• Recorded data
+-------+
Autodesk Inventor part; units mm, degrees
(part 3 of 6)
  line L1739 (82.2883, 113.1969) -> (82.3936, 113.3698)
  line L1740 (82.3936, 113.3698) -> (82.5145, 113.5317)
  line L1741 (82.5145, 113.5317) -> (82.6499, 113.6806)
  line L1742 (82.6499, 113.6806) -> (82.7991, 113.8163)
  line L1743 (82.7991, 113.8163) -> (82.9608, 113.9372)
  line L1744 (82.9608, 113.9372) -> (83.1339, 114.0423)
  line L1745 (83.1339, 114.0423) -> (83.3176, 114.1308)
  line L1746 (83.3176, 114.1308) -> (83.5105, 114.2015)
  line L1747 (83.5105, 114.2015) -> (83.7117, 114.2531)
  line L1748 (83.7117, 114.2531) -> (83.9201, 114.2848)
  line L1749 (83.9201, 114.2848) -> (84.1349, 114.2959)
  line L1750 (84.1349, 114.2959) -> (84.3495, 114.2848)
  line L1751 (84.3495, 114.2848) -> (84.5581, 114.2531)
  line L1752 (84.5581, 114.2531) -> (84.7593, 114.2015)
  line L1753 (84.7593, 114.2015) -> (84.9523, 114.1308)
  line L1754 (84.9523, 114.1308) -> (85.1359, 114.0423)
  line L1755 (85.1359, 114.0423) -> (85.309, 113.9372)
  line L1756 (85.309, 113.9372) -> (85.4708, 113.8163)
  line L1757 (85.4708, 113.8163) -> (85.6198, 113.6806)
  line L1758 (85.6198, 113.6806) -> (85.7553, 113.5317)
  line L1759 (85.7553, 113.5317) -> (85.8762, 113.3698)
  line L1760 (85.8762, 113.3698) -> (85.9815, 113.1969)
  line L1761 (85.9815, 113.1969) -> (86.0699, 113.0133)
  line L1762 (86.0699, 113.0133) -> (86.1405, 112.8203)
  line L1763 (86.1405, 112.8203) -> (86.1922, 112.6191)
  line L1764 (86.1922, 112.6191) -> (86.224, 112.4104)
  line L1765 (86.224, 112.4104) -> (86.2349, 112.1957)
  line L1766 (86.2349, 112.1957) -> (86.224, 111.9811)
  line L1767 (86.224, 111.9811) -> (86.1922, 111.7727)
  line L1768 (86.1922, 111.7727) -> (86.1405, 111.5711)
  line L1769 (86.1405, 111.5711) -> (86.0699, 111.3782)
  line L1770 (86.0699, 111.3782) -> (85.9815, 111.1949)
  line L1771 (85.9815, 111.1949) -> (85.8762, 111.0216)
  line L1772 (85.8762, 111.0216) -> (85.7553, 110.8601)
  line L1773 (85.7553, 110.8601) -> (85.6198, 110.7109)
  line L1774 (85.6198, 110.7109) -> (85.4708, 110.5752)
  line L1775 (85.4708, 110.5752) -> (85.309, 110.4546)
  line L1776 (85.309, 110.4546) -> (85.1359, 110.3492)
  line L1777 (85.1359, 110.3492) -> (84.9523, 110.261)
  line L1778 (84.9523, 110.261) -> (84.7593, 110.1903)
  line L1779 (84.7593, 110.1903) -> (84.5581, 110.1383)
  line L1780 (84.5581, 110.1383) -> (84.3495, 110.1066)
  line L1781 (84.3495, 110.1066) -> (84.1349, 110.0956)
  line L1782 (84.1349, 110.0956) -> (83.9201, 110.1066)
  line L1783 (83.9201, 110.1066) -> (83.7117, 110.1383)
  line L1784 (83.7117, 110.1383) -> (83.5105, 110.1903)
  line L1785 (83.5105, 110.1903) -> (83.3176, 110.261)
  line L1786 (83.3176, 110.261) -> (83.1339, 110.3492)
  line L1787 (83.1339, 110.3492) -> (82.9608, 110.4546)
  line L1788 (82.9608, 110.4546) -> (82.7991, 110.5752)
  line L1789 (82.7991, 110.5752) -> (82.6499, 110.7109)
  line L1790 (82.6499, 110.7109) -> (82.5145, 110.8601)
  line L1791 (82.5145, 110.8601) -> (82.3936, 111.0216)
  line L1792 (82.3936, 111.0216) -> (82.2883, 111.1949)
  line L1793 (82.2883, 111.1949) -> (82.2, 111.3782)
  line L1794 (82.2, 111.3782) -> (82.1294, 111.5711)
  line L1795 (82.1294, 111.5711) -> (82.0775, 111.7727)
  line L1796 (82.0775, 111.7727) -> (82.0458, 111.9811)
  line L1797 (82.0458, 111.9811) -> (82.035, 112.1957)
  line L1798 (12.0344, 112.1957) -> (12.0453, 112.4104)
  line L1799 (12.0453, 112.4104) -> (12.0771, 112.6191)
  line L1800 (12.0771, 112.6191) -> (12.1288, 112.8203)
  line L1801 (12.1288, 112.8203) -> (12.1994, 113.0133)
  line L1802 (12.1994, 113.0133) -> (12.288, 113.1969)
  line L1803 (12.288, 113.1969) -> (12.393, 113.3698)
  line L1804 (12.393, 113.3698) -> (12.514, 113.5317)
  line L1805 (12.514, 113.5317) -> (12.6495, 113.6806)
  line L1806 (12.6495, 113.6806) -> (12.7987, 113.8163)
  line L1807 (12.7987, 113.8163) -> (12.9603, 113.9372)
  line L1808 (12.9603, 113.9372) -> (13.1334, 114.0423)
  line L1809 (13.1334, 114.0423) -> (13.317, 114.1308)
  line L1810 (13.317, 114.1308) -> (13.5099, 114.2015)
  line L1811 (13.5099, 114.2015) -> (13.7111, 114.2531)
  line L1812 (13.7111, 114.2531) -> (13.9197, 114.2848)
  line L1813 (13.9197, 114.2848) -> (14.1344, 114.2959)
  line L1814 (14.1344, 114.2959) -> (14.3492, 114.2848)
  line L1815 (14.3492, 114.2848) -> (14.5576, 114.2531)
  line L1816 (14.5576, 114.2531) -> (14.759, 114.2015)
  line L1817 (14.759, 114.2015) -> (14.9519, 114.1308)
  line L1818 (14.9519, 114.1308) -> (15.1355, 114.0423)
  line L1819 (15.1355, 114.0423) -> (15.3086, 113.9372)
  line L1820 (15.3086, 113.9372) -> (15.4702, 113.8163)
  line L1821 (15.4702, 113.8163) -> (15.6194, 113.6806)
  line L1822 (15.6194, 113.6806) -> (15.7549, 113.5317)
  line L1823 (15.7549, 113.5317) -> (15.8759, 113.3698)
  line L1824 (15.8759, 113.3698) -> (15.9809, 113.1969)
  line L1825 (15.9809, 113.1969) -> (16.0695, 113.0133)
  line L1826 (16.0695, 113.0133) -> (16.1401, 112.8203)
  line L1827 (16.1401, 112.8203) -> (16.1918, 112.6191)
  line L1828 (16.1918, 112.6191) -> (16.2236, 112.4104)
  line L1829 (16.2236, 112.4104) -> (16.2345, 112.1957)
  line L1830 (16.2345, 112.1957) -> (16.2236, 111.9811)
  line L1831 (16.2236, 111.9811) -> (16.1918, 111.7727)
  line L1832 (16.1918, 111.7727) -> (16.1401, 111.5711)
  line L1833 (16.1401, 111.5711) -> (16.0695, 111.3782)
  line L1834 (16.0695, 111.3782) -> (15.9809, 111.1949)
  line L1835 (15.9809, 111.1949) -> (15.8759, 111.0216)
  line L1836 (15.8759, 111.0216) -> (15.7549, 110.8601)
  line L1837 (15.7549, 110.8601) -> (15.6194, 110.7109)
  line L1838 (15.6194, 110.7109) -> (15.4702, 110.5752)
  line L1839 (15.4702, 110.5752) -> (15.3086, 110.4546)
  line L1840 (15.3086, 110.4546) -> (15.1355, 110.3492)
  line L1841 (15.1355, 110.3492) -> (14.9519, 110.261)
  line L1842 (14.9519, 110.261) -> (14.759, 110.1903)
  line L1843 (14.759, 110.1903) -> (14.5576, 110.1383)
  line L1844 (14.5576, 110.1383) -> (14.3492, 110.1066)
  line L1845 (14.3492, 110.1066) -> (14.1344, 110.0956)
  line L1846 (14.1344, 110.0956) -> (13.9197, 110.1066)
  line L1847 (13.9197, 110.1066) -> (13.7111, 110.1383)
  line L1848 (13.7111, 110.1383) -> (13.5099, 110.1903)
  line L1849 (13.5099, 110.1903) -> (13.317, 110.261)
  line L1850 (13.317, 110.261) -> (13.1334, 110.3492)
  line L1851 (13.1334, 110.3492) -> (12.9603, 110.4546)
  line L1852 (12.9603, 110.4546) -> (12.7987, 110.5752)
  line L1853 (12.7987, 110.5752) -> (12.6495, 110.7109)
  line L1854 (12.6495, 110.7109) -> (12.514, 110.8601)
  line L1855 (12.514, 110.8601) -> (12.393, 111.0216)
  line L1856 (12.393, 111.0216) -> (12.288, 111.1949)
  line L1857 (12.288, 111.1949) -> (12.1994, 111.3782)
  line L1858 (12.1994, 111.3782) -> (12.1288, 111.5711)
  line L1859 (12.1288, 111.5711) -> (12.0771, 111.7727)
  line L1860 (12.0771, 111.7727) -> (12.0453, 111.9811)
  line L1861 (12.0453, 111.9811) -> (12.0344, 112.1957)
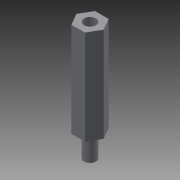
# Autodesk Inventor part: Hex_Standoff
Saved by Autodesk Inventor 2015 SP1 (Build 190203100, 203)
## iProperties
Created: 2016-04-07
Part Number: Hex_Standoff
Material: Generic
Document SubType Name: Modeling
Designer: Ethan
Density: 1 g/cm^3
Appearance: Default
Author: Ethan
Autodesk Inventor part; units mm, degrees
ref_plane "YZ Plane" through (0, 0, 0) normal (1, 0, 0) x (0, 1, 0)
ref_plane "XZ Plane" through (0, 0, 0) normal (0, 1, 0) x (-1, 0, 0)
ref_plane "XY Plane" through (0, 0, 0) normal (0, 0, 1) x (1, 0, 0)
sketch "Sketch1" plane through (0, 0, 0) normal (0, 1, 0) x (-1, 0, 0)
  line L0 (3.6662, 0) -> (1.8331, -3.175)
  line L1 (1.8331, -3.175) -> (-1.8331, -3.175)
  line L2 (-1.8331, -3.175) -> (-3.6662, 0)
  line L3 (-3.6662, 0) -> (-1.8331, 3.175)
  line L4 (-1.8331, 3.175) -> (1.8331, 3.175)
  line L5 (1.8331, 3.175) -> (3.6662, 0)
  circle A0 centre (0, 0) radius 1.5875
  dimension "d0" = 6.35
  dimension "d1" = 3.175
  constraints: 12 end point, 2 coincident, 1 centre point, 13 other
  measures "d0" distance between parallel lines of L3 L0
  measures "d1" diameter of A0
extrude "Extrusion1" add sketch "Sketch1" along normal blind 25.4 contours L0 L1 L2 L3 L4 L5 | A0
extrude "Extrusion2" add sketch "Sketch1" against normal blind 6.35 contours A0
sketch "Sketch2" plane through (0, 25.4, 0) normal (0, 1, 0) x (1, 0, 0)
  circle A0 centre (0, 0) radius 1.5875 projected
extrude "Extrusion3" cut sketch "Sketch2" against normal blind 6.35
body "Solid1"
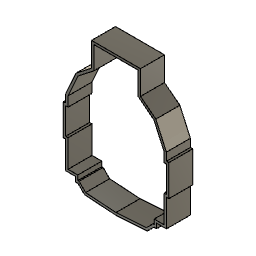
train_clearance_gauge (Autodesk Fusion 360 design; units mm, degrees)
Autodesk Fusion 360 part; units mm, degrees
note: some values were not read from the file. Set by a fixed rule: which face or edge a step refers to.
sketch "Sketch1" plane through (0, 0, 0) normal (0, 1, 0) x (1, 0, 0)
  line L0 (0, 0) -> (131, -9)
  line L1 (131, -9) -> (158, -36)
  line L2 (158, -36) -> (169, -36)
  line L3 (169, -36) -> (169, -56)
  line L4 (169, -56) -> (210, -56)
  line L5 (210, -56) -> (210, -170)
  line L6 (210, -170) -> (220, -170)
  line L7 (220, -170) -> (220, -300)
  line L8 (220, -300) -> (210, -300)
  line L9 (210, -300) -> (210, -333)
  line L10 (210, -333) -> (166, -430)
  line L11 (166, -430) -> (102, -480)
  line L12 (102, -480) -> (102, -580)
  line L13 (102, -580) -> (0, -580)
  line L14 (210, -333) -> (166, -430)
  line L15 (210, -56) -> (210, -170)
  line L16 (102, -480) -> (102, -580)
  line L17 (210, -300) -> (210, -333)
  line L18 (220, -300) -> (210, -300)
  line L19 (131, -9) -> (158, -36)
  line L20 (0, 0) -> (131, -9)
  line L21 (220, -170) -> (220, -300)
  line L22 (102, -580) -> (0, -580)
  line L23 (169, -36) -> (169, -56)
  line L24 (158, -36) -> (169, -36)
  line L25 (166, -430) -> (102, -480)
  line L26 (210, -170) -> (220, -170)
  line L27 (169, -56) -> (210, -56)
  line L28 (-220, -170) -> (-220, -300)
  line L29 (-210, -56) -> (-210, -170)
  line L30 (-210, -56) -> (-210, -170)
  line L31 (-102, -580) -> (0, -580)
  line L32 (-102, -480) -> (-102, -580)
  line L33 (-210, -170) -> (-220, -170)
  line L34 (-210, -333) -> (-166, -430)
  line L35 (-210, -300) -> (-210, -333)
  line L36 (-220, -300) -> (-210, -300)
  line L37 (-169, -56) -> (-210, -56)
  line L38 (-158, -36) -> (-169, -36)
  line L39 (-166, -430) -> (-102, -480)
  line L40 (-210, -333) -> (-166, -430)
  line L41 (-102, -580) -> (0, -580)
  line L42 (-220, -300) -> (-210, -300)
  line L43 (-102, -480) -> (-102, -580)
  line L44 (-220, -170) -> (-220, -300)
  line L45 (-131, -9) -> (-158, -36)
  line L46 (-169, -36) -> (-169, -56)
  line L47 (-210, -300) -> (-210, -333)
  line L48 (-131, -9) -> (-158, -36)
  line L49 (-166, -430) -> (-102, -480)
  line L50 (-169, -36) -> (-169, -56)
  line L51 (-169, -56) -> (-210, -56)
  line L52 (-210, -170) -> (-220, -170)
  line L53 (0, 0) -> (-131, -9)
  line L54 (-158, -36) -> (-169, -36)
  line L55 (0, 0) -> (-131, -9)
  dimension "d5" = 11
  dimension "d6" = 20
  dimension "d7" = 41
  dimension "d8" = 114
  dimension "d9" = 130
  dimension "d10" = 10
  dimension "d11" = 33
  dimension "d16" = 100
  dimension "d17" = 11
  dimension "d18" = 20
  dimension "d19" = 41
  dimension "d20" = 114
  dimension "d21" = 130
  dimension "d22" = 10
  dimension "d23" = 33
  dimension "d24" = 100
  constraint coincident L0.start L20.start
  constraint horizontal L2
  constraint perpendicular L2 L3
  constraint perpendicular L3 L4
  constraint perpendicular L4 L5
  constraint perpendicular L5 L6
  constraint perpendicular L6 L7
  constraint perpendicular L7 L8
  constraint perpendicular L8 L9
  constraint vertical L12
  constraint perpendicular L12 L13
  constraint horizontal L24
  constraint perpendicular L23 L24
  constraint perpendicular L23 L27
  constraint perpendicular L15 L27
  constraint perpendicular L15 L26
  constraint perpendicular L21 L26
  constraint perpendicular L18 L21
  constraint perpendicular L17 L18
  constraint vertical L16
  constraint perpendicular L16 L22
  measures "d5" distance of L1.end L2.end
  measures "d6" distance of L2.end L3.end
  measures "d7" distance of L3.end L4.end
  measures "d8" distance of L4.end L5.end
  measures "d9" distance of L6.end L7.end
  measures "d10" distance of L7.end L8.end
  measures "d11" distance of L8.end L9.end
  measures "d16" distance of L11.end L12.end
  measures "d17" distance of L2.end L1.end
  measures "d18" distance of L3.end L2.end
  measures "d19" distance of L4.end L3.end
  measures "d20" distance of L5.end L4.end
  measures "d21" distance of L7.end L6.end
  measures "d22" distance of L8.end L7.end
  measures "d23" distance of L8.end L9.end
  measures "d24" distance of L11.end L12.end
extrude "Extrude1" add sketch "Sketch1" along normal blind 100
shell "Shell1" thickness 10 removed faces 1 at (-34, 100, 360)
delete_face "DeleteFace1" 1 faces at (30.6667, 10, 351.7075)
+-------+
• WORK TASK
Beginning at the line above that contains "line L1820 (15.3086, 113.9372)", return each line exactly through the line that contains "line L1824 (15.8759, 113.3698)", and no others.

• ANSWER AREA
  line L1820 (15.3086, 113.9372) -> (15.4702, 113.8163)
  line L1821 (15.4702, 113.8163) -> (15.6194, 113.6806)
  line L1822 (15.6194, 113.6806) -> (15.7549, 113.5317)
  line L1823 (15.7549, 113.5317) -> (15.8759, 113.3698)
  line L1824 (15.8759, 113.3698) -> (15.9809, 113.1969)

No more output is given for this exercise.